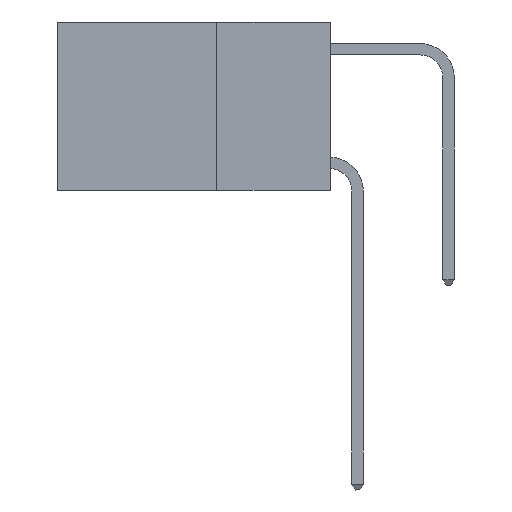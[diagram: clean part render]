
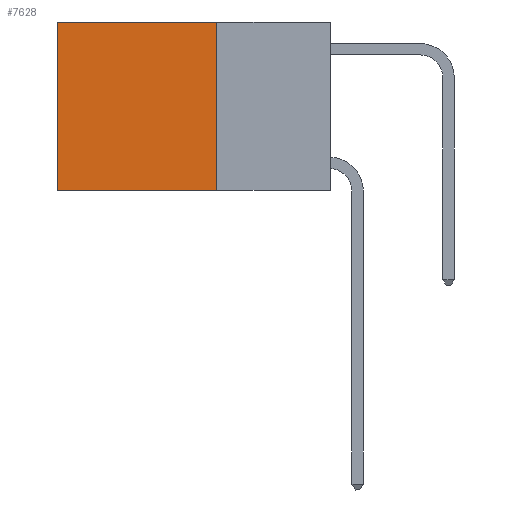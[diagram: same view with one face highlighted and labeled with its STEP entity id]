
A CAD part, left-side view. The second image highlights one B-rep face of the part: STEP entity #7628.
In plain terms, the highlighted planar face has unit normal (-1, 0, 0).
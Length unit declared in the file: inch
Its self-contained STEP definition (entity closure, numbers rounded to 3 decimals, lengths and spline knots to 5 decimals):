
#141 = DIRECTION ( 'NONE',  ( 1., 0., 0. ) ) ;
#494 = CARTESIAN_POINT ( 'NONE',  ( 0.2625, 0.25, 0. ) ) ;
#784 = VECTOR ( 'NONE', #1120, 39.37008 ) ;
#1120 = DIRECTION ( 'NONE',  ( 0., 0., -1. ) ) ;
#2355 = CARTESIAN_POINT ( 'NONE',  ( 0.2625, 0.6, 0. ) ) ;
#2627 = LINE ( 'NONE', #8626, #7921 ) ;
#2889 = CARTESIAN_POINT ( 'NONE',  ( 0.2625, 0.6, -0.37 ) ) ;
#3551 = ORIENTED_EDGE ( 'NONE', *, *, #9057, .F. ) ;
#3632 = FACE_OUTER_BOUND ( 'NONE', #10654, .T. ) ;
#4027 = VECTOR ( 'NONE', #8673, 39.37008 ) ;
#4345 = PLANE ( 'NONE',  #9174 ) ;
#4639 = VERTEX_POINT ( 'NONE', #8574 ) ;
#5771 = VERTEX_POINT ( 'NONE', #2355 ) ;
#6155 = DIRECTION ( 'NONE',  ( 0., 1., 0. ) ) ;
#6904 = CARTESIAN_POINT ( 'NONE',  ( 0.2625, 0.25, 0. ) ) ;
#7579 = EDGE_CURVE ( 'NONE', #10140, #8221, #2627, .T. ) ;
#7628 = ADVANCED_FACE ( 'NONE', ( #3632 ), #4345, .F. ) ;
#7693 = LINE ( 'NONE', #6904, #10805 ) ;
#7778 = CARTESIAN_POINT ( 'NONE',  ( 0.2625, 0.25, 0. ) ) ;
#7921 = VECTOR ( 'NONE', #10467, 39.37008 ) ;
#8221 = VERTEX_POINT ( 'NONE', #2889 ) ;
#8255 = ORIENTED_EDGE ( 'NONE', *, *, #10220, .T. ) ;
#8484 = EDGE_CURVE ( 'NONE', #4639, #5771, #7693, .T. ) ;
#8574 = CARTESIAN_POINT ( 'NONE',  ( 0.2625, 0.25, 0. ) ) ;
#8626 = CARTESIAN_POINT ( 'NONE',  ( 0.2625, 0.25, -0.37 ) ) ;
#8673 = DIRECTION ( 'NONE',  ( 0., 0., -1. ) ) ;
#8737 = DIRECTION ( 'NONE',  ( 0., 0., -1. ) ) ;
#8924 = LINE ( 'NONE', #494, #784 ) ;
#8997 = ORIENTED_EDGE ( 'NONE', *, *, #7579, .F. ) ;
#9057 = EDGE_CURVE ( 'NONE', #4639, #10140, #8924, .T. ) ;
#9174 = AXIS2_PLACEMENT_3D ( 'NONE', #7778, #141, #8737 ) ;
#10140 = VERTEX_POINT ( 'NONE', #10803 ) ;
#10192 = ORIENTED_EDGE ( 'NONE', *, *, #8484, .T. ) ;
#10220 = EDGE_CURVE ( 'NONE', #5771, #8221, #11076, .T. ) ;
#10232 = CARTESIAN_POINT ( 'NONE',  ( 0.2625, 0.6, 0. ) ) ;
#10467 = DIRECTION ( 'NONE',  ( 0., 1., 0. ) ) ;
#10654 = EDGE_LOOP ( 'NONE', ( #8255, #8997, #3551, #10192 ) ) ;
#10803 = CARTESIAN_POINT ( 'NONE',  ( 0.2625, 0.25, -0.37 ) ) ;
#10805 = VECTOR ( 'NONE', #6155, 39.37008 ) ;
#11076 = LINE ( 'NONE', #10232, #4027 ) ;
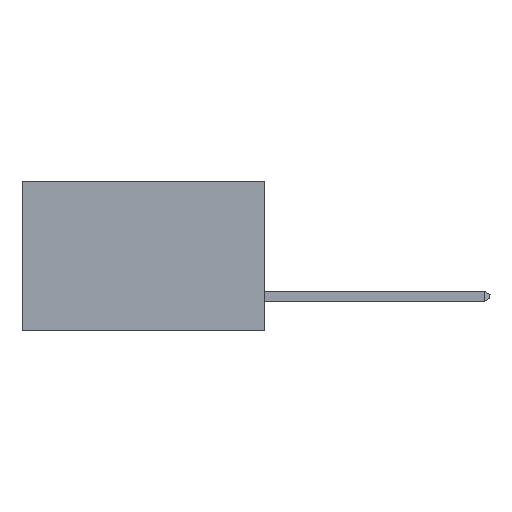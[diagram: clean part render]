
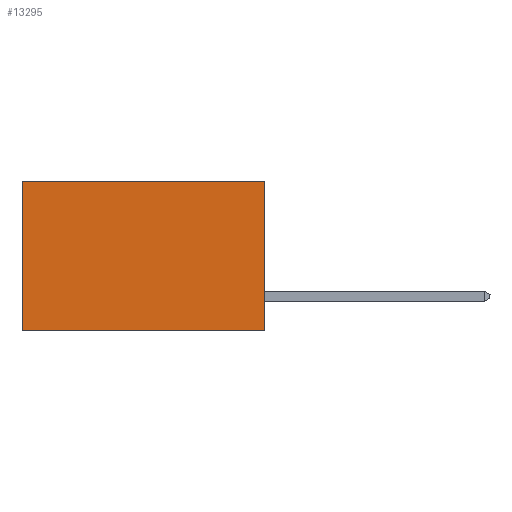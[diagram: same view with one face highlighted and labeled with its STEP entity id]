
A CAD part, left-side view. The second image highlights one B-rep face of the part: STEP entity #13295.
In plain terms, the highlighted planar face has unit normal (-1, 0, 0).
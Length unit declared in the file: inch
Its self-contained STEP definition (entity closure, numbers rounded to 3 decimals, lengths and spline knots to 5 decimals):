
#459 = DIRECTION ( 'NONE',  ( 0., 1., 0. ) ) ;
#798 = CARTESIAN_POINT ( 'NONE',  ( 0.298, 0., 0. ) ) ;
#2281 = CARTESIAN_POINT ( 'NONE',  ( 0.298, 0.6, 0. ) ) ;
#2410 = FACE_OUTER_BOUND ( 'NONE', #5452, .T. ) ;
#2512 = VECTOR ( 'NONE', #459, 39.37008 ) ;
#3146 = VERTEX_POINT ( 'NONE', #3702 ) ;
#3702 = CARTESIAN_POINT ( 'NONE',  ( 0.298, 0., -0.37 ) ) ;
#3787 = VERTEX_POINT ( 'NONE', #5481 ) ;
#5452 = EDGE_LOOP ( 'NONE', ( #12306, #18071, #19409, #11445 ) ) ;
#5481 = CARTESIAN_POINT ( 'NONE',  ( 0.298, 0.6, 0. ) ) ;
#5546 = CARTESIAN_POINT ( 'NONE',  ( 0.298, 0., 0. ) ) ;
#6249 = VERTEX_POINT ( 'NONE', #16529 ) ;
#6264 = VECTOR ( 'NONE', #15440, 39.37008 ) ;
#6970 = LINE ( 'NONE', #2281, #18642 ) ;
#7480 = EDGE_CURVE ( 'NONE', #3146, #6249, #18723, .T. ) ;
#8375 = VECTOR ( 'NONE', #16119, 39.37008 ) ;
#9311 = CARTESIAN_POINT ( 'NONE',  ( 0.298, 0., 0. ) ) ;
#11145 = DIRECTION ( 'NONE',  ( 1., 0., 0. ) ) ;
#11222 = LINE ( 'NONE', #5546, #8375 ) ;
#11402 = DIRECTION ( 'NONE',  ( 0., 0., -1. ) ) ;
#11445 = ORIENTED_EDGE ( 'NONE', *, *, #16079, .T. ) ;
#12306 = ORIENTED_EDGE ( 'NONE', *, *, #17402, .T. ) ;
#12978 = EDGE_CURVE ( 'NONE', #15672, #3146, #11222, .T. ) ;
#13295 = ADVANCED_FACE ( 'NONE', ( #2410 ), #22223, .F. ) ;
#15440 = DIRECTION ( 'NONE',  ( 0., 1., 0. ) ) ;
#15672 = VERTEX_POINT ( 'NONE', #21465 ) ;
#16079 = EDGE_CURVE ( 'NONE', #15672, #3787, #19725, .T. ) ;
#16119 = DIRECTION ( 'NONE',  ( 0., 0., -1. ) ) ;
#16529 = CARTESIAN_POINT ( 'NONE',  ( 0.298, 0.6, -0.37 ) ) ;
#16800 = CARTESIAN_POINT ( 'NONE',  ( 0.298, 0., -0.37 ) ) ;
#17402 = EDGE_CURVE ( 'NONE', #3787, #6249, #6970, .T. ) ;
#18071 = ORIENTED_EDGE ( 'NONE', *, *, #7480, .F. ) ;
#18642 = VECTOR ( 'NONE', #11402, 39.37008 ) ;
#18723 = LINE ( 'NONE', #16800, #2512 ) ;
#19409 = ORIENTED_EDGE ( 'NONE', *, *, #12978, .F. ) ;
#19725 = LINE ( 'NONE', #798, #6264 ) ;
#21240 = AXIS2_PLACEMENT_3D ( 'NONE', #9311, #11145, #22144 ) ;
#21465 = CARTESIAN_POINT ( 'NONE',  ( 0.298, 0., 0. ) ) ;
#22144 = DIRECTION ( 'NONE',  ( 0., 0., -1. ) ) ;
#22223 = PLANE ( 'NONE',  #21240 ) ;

★ ★ ★

Print exactly the lines from the one with "#22144 = DIRECTION" through the end of the data, inclusive.

#22144 = DIRECTION ( 'NONE',  ( 0., 0., -1. ) ) ;
#22223 = PLANE ( 'NONE',  #21240 ) ;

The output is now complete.